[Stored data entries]
______

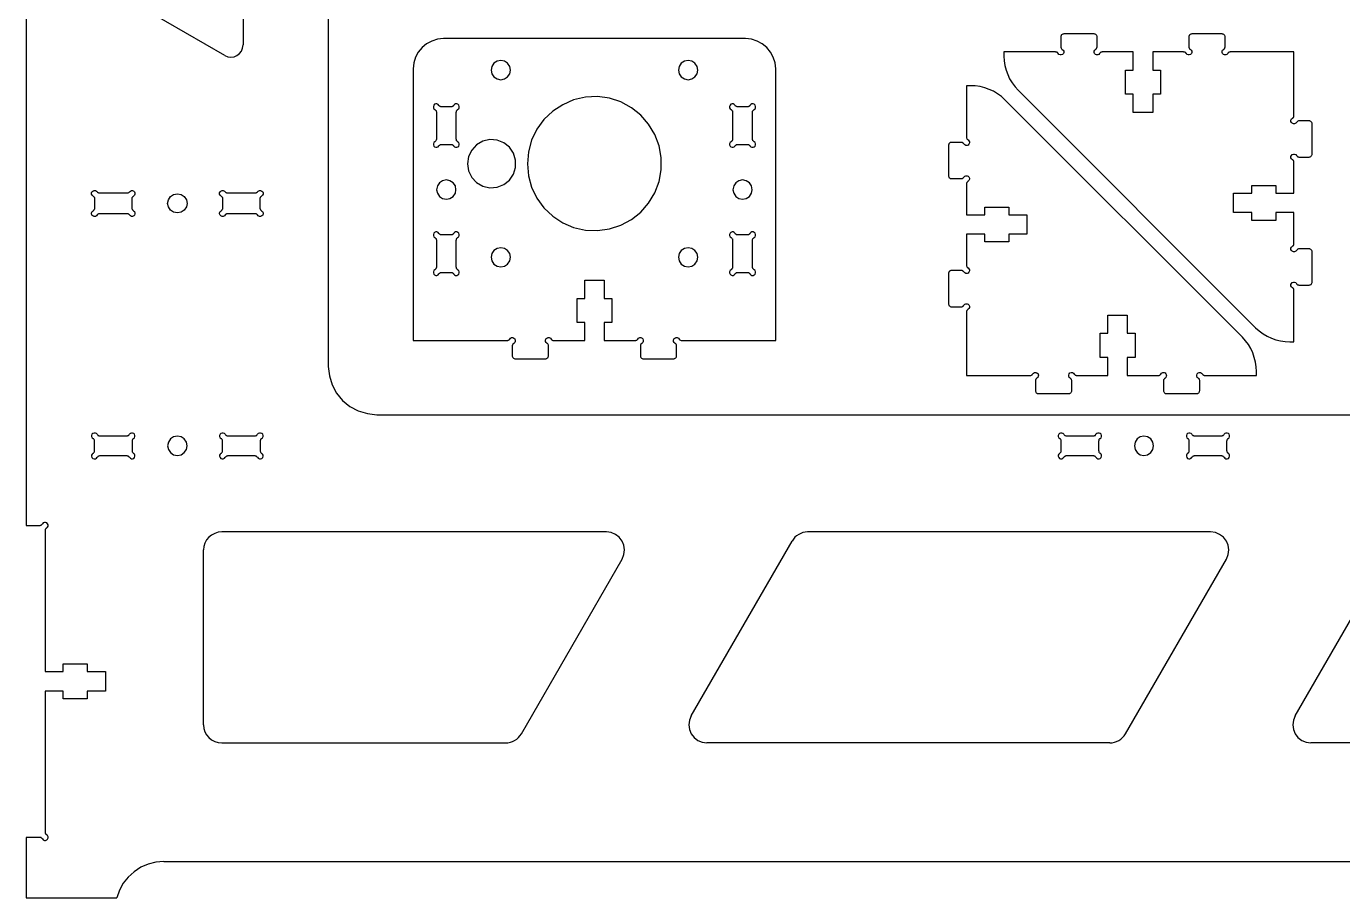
# Model space of a CAD drawing. Header units: inches. Extents: x 205 to 851, y 195 to 660.
# Drawn here: x 209.8 to 427.7, y 195.4 to 339.7 of the extents above; entities that cross this region are included whole.
import ezdxf

# ---------------------------------------------------------------- set-up
doc = ezdxf.new("R2010")
doc.units = ezdxf.units.IN
doc.header["$MEASUREMENT"] = 0
doc.layers.add('Capa 1', color=7, linetype='Continuous')

msp = doc.modelspace()

# ---------------------------------------------------------------- linework, layer by layer
at = {"layer": 'Capa 1', "color": 7, "lineweight": 25, "true_color": 0xffffff}
for points in [[(209.83, 523.7), (209.83, 257)], [(259.82, 497.35), (259.82, 283.35)], [(245.71, 444.15), (245.71, 336.59)], [(242.68, 334.82), (223.17, 346.11)], [(381.56, 338.42), (381.46, 338.38), (381.39, 338.35), (381.28, 338.31), (381.21, 338.24), (381.14, 338.17), (381.11, 338.1), (381.07, 338), (381.07, 337.89)], [(381.07, 337.89), (381.07, 336.27)], [(386.57, 338.42), (381.56, 338.42)], [(387.07, 337.89), (387.07, 338), (387.03, 338.1), (387, 338.17), (386.93, 338.24), (386.86, 338.31), (386.75, 338.35), (386.68, 338.38), (386.57, 338.42)], [(387.07, 336.27), (387.07, 337.89)], [(402.77, 338.42), (402.66, 338.38), (402.59, 338.35), (402.48, 338.31), (402.41, 338.24), (402.34, 338.17), (402.31, 338.1), (402.27, 338), (402.27, 337.89)], [(402.27, 337.89), (402.27, 336.27)], [(407.78, 338.42), (402.77, 338.42)], [(408.27, 337.89), (408.27, 338), (408.23, 338.1), (408.16, 338.17), (408.13, 338.24), (408.06, 338.31), (407.95, 338.35), (407.85, 338.38), (407.78, 338.42)], [(408.27, 336.27), (408.27, 337.89)], [(242.68, 334.82), (243.17, 334.61), (243.7, 334.54), (244.23, 334.61), (244.69, 334.82), (245.11, 335.14), (245.43, 335.56), (245.64, 336.06), (245.71, 336.59)], [(278.87, 337.61), (277.88, 337.5), (276.97, 337.22), (276.08, 336.76), (275.34, 336.16), (274.71, 335.39), (274.25, 334.54), (273.97, 333.59), (273.86, 332.6)], [(328.86, 337.61), (278.87, 337.61)], [(333.87, 332.6), (333.76, 333.59), (333.48, 334.54), (333.02, 335.39), (332.42, 336.16), (331.65, 336.76), (330.8, 337.22), (329.85, 337.5), (328.86, 337.61)], [(381.32, 335.84), (381.46, 335.7), (381.56, 335.53), (381.56, 335.32), (381.49, 335.14), (381.35, 335), (381.14, 334.93), (380.96, 334.93), (380.75, 335), (380.65, 335.14)], [(381.07, 336.27), (381.07, 336.2), (381.07, 336.13), (381.11, 336.09), (381.14, 336.02), (381.18, 335.95), (381.21, 335.92), (381.25, 335.88), (381.32, 335.84)], [(387.49, 335.14), (387.35, 335), (387.17, 334.93), (386.96, 334.93), (386.79, 335), (386.64, 335.14), (386.57, 335.32), (386.57, 335.53), (386.68, 335.7), (386.82, 335.84)], [(386.82, 335.84), (386.86, 335.88), (386.93, 335.92), (386.96, 335.95), (387, 336.02), (387.03, 336.09), (387.03, 336.13), (387.07, 336.2), (387.07, 336.27)], [(402.52, 335.84), (402.66, 335.7), (402.77, 335.53), (402.77, 335.32), (402.7, 335.14), (402.55, 335), (402.34, 334.93), (402.17, 334.93), (401.95, 335), (401.85, 335.14)], [(402.27, 336.27), (402.27, 336.2), (402.27, 336.13), (402.31, 336.09), (402.34, 336.02), (402.38, 335.95), (402.41, 335.92), (402.45, 335.88), (402.52, 335.84)], [(408.69, 335.14), (408.55, 335), (408.38, 334.93), (408.16, 334.93), (407.99, 335), (407.85, 335.14), (407.78, 335.32), (407.78, 335.53), (407.85, 335.7), (408.02, 335.84)], [(408.02, 335.84), (408.06, 335.88), (408.13, 335.92), (408.16, 335.95), (408.2, 336.02), (408.23, 336.09), (408.23, 336.13), (408.27, 336.2), (408.27, 336.27)], [(286.77, 332.42), (286.88, 331.79), (287.23, 331.29), (287.76, 330.94), (288.36, 330.8), (289, 330.94), (289.49, 331.29), (289.84, 331.79), (289.98, 332.42), (289.84, 333.02), (289.49, 333.55), (289, 333.9), (288.36, 334.01), (287.76, 333.9), (287.23, 333.55), (286.88, 333.02), (286.77, 332.42)], [(317.78, 332.42), (317.89, 331.79), (318.24, 331.29), (318.77, 330.94), (319.37, 330.8), (319.97, 330.94), (320.5, 331.29), (320.85, 331.79), (320.96, 332.42), (320.85, 333.02), (320.5, 333.55), (319.97, 333.9), (319.37, 334.01), (318.77, 333.9), (318.24, 333.55), (317.89, 333.02), (317.78, 332.42)], [(380.19, 335.42), (371.65, 335.42)], [(371.65, 335.42), (371.65, 334.72)], [(371.65, 334.72), (371.69, 333.94), (371.83, 333.16), (372, 332.39), (372.29, 331.65), (372.6, 330.94), (373.03, 330.27), (373.49, 329.64), (374.02, 329.07)], [(380.65, 335.14), (380.61, 335.21), (380.54, 335.24), (380.51, 335.32), (380.44, 335.35), (380.4, 335.35), (380.33, 335.39), (380.26, 335.39), (380.19, 335.42)], [(387.91, 335.42), (387.88, 335.39), (387.81, 335.39), (387.74, 335.35), (387.67, 335.35), (387.63, 335.32), (387.56, 335.24), (387.53, 335.21), (387.49, 335.14)], [(393.07, 335.42), (387.91, 335.42)], [(393.07, 332.39), (393.07, 335.42)], [(401.39, 335.42), (396.28, 335.42)], [(396.28, 335.42), (396.28, 332.39)], [(401.85, 335.14), (401.78, 335.21), (401.74, 335.24), (401.71, 335.32), (401.64, 335.35), (401.6, 335.35), (401.53, 335.39), (401.46, 335.39), (401.39, 335.42)], [(409.12, 335.42), (409.08, 335.39), (409.01, 335.39), (408.94, 335.35), (408.87, 335.35), (408.83, 335.32), (408.76, 335.24), (408.73, 335.21), (408.69, 335.14)], [(419.66, 335.42), (409.12, 335.42)], [(419.66, 324.87), (419.66, 335.42)], [(273.86, 332.6), (273.86, 287.62)], [(333.87, 287.62), (333.87, 332.6)], [(391.8, 328.4), (391.8, 332.39)], [(391.8, 332.39), (393.07, 332.39)], [(396.28, 332.39), (397.55, 332.39)], [(397.55, 332.39), (397.55, 328.4)], [(365.48, 329.81), (365.48, 321.31)], [(366.15, 329.81), (365.48, 329.81)], [(371.79, 327.48), (371.23, 328.01), (370.59, 328.47), (369.92, 328.89), (369.22, 329.21), (368.48, 329.49), (367.7, 329.67), (366.92, 329.78), (366.15, 329.81)], [(374.02, 329.07), (413.31, 289.74)], [(292.77, 316.9), (292.95, 314.92), (293.48, 313.02), (294.36, 311.22), (295.52, 309.6), (296.97, 308.22), (298.63, 307.13), (300.43, 306.35), (302.37, 305.89), (304.38, 305.82), (306.35, 306.11), (308.22, 306.71), (309.99, 307.66), (311.54, 308.89), (312.84, 310.37), (313.87, 312.1), (314.57, 313.97), (314.92, 315.91), (314.92, 317.92), (314.57, 319.86), (313.87, 321.73), (312.84, 323.43), (311.54, 324.94), (309.99, 326.18), (308.22, 327.13), (306.35, 327.73), (304.38, 328.01), (302.37, 327.91), (300.43, 327.48), (298.63, 326.67), (296.97, 325.58), (295.52, 324.2), (294.36, 322.62), (293.48, 320.82), (292.95, 318.88), (292.77, 316.9)], [(411.13, 288.18), (371.79, 327.48)], [(393.07, 328.4), (391.8, 328.4)], [(393.07, 325.4), (393.07, 328.4)], [(397.55, 328.4), (396.28, 328.4)], [(396.28, 328.4), (396.28, 325.4)], [(278.13, 326.57), (277.99, 326.71), (277.81, 326.81), (277.6, 326.81), (277.42, 326.74), (277.28, 326.6), (277.21, 326.39), (277.21, 326.18), (277.28, 326), (277.46, 325.86)], [(277.46, 325.86), (277.5, 325.83), (277.57, 325.79), (277.6, 325.76), (277.64, 325.68), (277.67, 325.65), (277.67, 325.58), (277.71, 325.51), (277.71, 325.44)], [(277.71, 325.44), (277.71, 320.99)], [(278.55, 326.32), (278.52, 326.32), (278.45, 326.32), (278.38, 326.35), (278.31, 326.39), (278.27, 326.43), (278.2, 326.46), (278.17, 326.5), (278.13, 326.57)], [(280.14, 326.32), (278.55, 326.32)], [(280.56, 326.57), (280.53, 326.5), (280.49, 326.46), (280.42, 326.43), (280.39, 326.39), (280.32, 326.35), (280.28, 326.32), (280.21, 326.32), (280.14, 326.32)], [(281.23, 325.86), (281.41, 326), (281.48, 326.18), (281.48, 326.39), (281.41, 326.6), (281.27, 326.74), (281.09, 326.81), (280.88, 326.81), (280.71, 326.71), (280.56, 326.57)], [(280.99, 325.44), (281.02, 325.51), (281.02, 325.58), (281.02, 325.65), (281.06, 325.68), (281.09, 325.76), (281.16, 325.79), (281.2, 325.83), (281.23, 325.86)], [(280.99, 320.99), (280.99, 325.44)], [(327.17, 326.57), (327.02, 326.71), (326.85, 326.81), (326.67, 326.81), (326.46, 326.74), (326.32, 326.6), (326.25, 326.39), (326.25, 326.18), (326.35, 326), (326.5, 325.86)], [(326.5, 325.86), (326.53, 325.83), (326.6, 325.79), (326.64, 325.76), (326.67, 325.68), (326.71, 325.65), (326.71, 325.58), (326.74, 325.51), (326.74, 325.44)], [(326.74, 325.44), (326.74, 320.99)], [(327.62, 326.32), (327.55, 326.32), (327.48, 326.32), (327.41, 326.35), (327.34, 326.39), (327.31, 326.43), (327.24, 326.46), (327.2, 326.5), (327.17, 326.57)], [(329.18, 326.32), (327.62, 326.32)], [(329.6, 326.57), (329.57, 326.5), (329.53, 326.46), (329.49, 326.43), (329.42, 326.39), (329.35, 326.35), (329.32, 326.32), (329.25, 326.32), (329.18, 326.32)], [(330.31, 325.86), (330.45, 326), (330.52, 326.18), (330.52, 326.39), (330.45, 326.6), (330.31, 326.74), (330.13, 326.81), (329.92, 326.81), (329.74, 326.71), (329.6, 326.57)], [(330.06, 325.44), (330.06, 325.51), (330.06, 325.58), (330.09, 325.65), (330.09, 325.68), (330.13, 325.76), (330.2, 325.79), (330.24, 325.83), (330.31, 325.86)], [(330.06, 320.99), (330.06, 325.44)], [(396.28, 325.4), (393.07, 325.4)], [(419.42, 324.45), (419.45, 324.48), (419.52, 324.52), (419.56, 324.56), (419.59, 324.63), (419.63, 324.66), (419.66, 324.73), (419.66, 324.8), (419.66, 324.87)], [(420.09, 323.74), (419.95, 323.6), (419.77, 323.53), (419.59, 323.5), (419.38, 323.6), (419.24, 323.74), (419.17, 323.92), (419.17, 324.13), (419.28, 324.31), (419.42, 324.45)], [(420.55, 323.99), (420.48, 323.99), (420.41, 323.99), (420.33, 323.96), (420.26, 323.92), (420.23, 323.89), (420.19, 323.85), (420.12, 323.81), (420.09, 323.74)], [(422.17, 323.99), (420.55, 323.99)], [(422.66, 323.5), (422.66, 323.6), (422.63, 323.71), (422.59, 323.78), (422.52, 323.85), (422.45, 323.92), (422.35, 323.96), (422.27, 323.99), (422.17, 323.99)], [(422.66, 318.49), (422.66, 323.5)], [(277.46, 320.53), (277.28, 320.39), (277.21, 320.22), (277.21, 320.04), (277.28, 319.83), (277.42, 319.69), (277.6, 319.62), (277.81, 319.62), (277.99, 319.72), (278.13, 319.86)], [(277.71, 320.99), (277.71, 320.92), (277.67, 320.85), (277.67, 320.78), (277.64, 320.71), (277.6, 320.67), (277.57, 320.64), (277.5, 320.57), (277.46, 320.53)], [(280.56, 319.86), (280.71, 319.72), (280.88, 319.62), (281.09, 319.62), (281.27, 319.69), (281.41, 319.83), (281.48, 320.04), (281.48, 320.22), (281.41, 320.39), (281.23, 320.53)], [(281.23, 320.53), (281.2, 320.57), (281.16, 320.64), (281.09, 320.67), (281.06, 320.71), (281.02, 320.78), (281.02, 320.85), (281.02, 320.92), (280.99, 320.99)], [(282.86, 316.9), (283.03, 315.74), (283.56, 314.64), (284.37, 313.8), (285.4, 313.2), (286.56, 312.91), (287.76, 313.02), (288.85, 313.44), (289.81, 314.18), (290.48, 315.17), (290.83, 316.3), (290.83, 317.5), (290.48, 318.63), (289.81, 319.62), (288.85, 320.36), (287.76, 320.82), (286.56, 320.89), (285.4, 320.64), (284.37, 320.04), (283.56, 319.16), (283.03, 318.1), (282.86, 316.9)], [(326.5, 320.53), (326.35, 320.39), (326.25, 320.22), (326.25, 320.04), (326.32, 319.83), (326.46, 319.69), (326.67, 319.62), (326.85, 319.62), (327.02, 319.72), (327.17, 319.86)], [(326.74, 320.99), (326.74, 320.92), (326.71, 320.85), (326.71, 320.78), (326.67, 320.71), (326.64, 320.67), (326.6, 320.64), (326.53, 320.57), (326.5, 320.53)], [(329.6, 319.86), (329.74, 319.72), (329.92, 319.62), (330.13, 319.62), (330.31, 319.69), (330.45, 319.83), (330.52, 320.04), (330.52, 320.22), (330.45, 320.39), (330.31, 320.53)], [(330.31, 320.53), (330.24, 320.57), (330.2, 320.64), (330.13, 320.67), (330.09, 320.71), (330.09, 320.78), (330.06, 320.85), (330.06, 320.92), (330.06, 320.99)], [(362.97, 320.43), (362.87, 320.43), (362.76, 320.39), (362.69, 320.36), (362.62, 320.29), (362.55, 320.22), (362.51, 320.11), (362.48, 320.04), (362.48, 319.93)], [(364.6, 320.43), (362.97, 320.43)], [(365.02, 320.18), (364.98, 320.22), (364.95, 320.29), (364.91, 320.32), (364.84, 320.36), (364.77, 320.39), (364.74, 320.39), (364.67, 320.43), (364.6, 320.43)], [(365.72, 320.85), (365.87, 320.71), (365.94, 320.53), (365.97, 320.36), (365.87, 320.15), (365.72, 320), (365.55, 319.93), (365.34, 319.93), (365.16, 320.04), (365.02, 320.18)], [(365.48, 321.31), (365.48, 321.24), (365.48, 321.17), (365.51, 321.1), (365.51, 321.03), (365.55, 320.99), (365.62, 320.92), (365.65, 320.89), (365.72, 320.85)], [(278.13, 319.86), (278.17, 319.9), (278.2, 319.97), (278.27, 320), (278.31, 320.04), (278.38, 320.08), (278.45, 320.11), (278.52, 320.11), (278.55, 320.11)], [(278.55, 320.11), (280.14, 320.11)], [(280.14, 320.11), (280.21, 320.11), (280.28, 320.11), (280.32, 320.08), (280.39, 320.04), (280.42, 320), (280.49, 319.97), (280.53, 319.9), (280.56, 319.86)], [(327.17, 319.86), (327.2, 319.9), (327.24, 319.97), (327.31, 320), (327.34, 320.04), (327.41, 320.08), (327.48, 320.11), (327.55, 320.11), (327.62, 320.11)], [(327.62, 320.11), (329.18, 320.11)], [(329.18, 320.11), (329.25, 320.11), (329.32, 320.11), (329.35, 320.08), (329.42, 320.04), (329.49, 320), (329.53, 319.97), (329.57, 319.9), (329.6, 319.86)], [(362.48, 319.93), (362.48, 314.92)], [(419.42, 317.57), (419.28, 317.71), (419.17, 317.89), (419.17, 318.1), (419.24, 318.28), (419.38, 318.42), (419.59, 318.49), (419.77, 318.49), (419.95, 318.42), (420.09, 318.24)], [(420.09, 318.24), (420.12, 318.21), (420.19, 318.13), (420.23, 318.1), (420.26, 318.06), (420.33, 318.03), (420.41, 318.03), (420.48, 317.99), (420.55, 317.99)], [(422.17, 317.99), (422.27, 318.03), (422.35, 318.03), (422.45, 318.1), (422.52, 318.13), (422.59, 318.24), (422.63, 318.31), (422.66, 318.42), (422.66, 318.49)], [(419.66, 317.15), (419.66, 317.22), (419.66, 317.25), (419.63, 317.32), (419.59, 317.39), (419.56, 317.43), (419.52, 317.5), (419.45, 317.54), (419.42, 317.57)], [(419.66, 312), (419.66, 317.15)], [(420.55, 317.99), (422.17, 317.99)], [(277.74, 312.6), (277.88, 312), (278.24, 311.47), (278.73, 311.15), (279.36, 311.01), (279.96, 311.15), (280.49, 311.47), (280.85, 312), (280.95, 312.6), (280.85, 313.23), (280.49, 313.73), (279.96, 314.08), (279.36, 314.22), (278.73, 314.08), (278.24, 313.73), (277.88, 313.23), (277.74, 312.6)], [(326.78, 312.6), (326.92, 312), (327.27, 311.47), (327.77, 311.15), (328.4, 311.01), (329, 311.15), (329.53, 311.47), (329.88, 312), (329.99, 312.6), (329.88, 313.23), (329.53, 313.73), (329, 314.08), (328.4, 314.22), (327.77, 314.08), (327.27, 313.73), (326.92, 313.23), (326.78, 312.6)], [(362.48, 314.92), (362.48, 314.82), (362.51, 314.75), (362.55, 314.64), (362.62, 314.57), (362.69, 314.5), (362.76, 314.47), (362.87, 314.43), (362.97, 314.43)], [(362.97, 314.43), (364.6, 314.43)], [(364.6, 314.43), (364.67, 314.43), (364.74, 314.43), (364.77, 314.47), (364.84, 314.5), (364.91, 314.54), (364.95, 314.57), (364.98, 314.61), (365.02, 314.68)], [(365.02, 314.68), (365.16, 314.82), (365.34, 314.92), (365.55, 314.92), (365.72, 314.85), (365.87, 314.71), (365.97, 314.5), (365.94, 314.32), (365.87, 314.11), (365.72, 314.01)], [(365.72, 314.01), (365.65, 313.97), (365.62, 313.9), (365.55, 313.87), (365.51, 313.8), (365.51, 313.76), (365.48, 313.69), (365.48, 313.62), (365.48, 313.55)], [(220.87, 311.54), (220.73, 311.68), (220.63, 311.86), (220.63, 312.07), (220.7, 312.24), (220.84, 312.38), (221.05, 312.49), (221.26, 312.46), (221.44, 312.38), (221.58, 312.24)], [(222, 312), (221.93, 312), (221.86, 312), (221.79, 312.03), (221.76, 312.07), (221.69, 312.1), (221.65, 312.14), (221.62, 312.17), (221.58, 312.24)], [(226.45, 312), (222, 312)], [(226.91, 312.24), (226.87, 312.17), (226.8, 312.14), (226.77, 312.1), (226.73, 312.07), (226.66, 312.03), (226.59, 312), (226.52, 312), (226.45, 312)], [(226.91, 312.24), (227.05, 312.38), (227.22, 312.46), (227.4, 312.49), (227.61, 312.38), (227.75, 312.24), (227.82, 312.07), (227.82, 311.86), (227.72, 311.68), (227.58, 311.54)], [(233.22, 310.34), (233.36, 310.94), (233.72, 311.47), (234.21, 311.82), (234.84, 311.93), (235.44, 311.82), (235.97, 311.47), (236.33, 310.94), (236.43, 310.34), (236.33, 309.74), (235.97, 309.21), (235.44, 308.86), (234.84, 308.75), (234.21, 308.86), (233.72, 309.21), (233.36, 309.74), (233.22, 310.34)], [(242.08, 311.54), (241.93, 311.68), (241.83, 311.86), (241.83, 312.07), (241.9, 312.24), (242.04, 312.38), (242.25, 312.49), (242.43, 312.46), (242.64, 312.38), (242.75, 312.24)], [(243.2, 312), (243.13, 312), (243.06, 312), (242.99, 312.03), (242.96, 312.07), (242.89, 312.1), (242.85, 312.14), (242.82, 312.17), (242.75, 312.24)], [(247.65, 312), (243.2, 312)], [(248.11, 312.24), (248.07, 312.17), (248, 312.14), (247.97, 312.1), (247.9, 312.07), (247.86, 312.03), (247.79, 312), (247.72, 312), (247.65, 312)], [(248.11, 312.24), (248.21, 312.38), (248.43, 312.46), (248.6, 312.49), (248.81, 312.38), (248.96, 312.24), (249.03, 312.07), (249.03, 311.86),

______

- _HOW TO COMPLETE THIS TASK_
The answer must consist solely of the lines from the first line of the data through the line containing "msp = doc.modelspace()", inclusive, reproduced exactly and without pictures.

- _WRITTEN SOLUTION_
# Model space of a CAD drawing. Header units: inches. Extents: x 205 to 851, y 195 to 660.
# Drawn here: x 209.8 to 427.7, y 195.4 to 339.7 of the extents above; entities that cross this region are included whole.
import ezdxf

# ---------------------------------------------------------------- set-up
doc = ezdxf.new("R2010")
doc.units = ezdxf.units.IN
doc.header["$MEASUREMENT"] = 0
doc.layers.add('Capa 1', color=7, linetype='Continuous')

msp = doc.modelspace()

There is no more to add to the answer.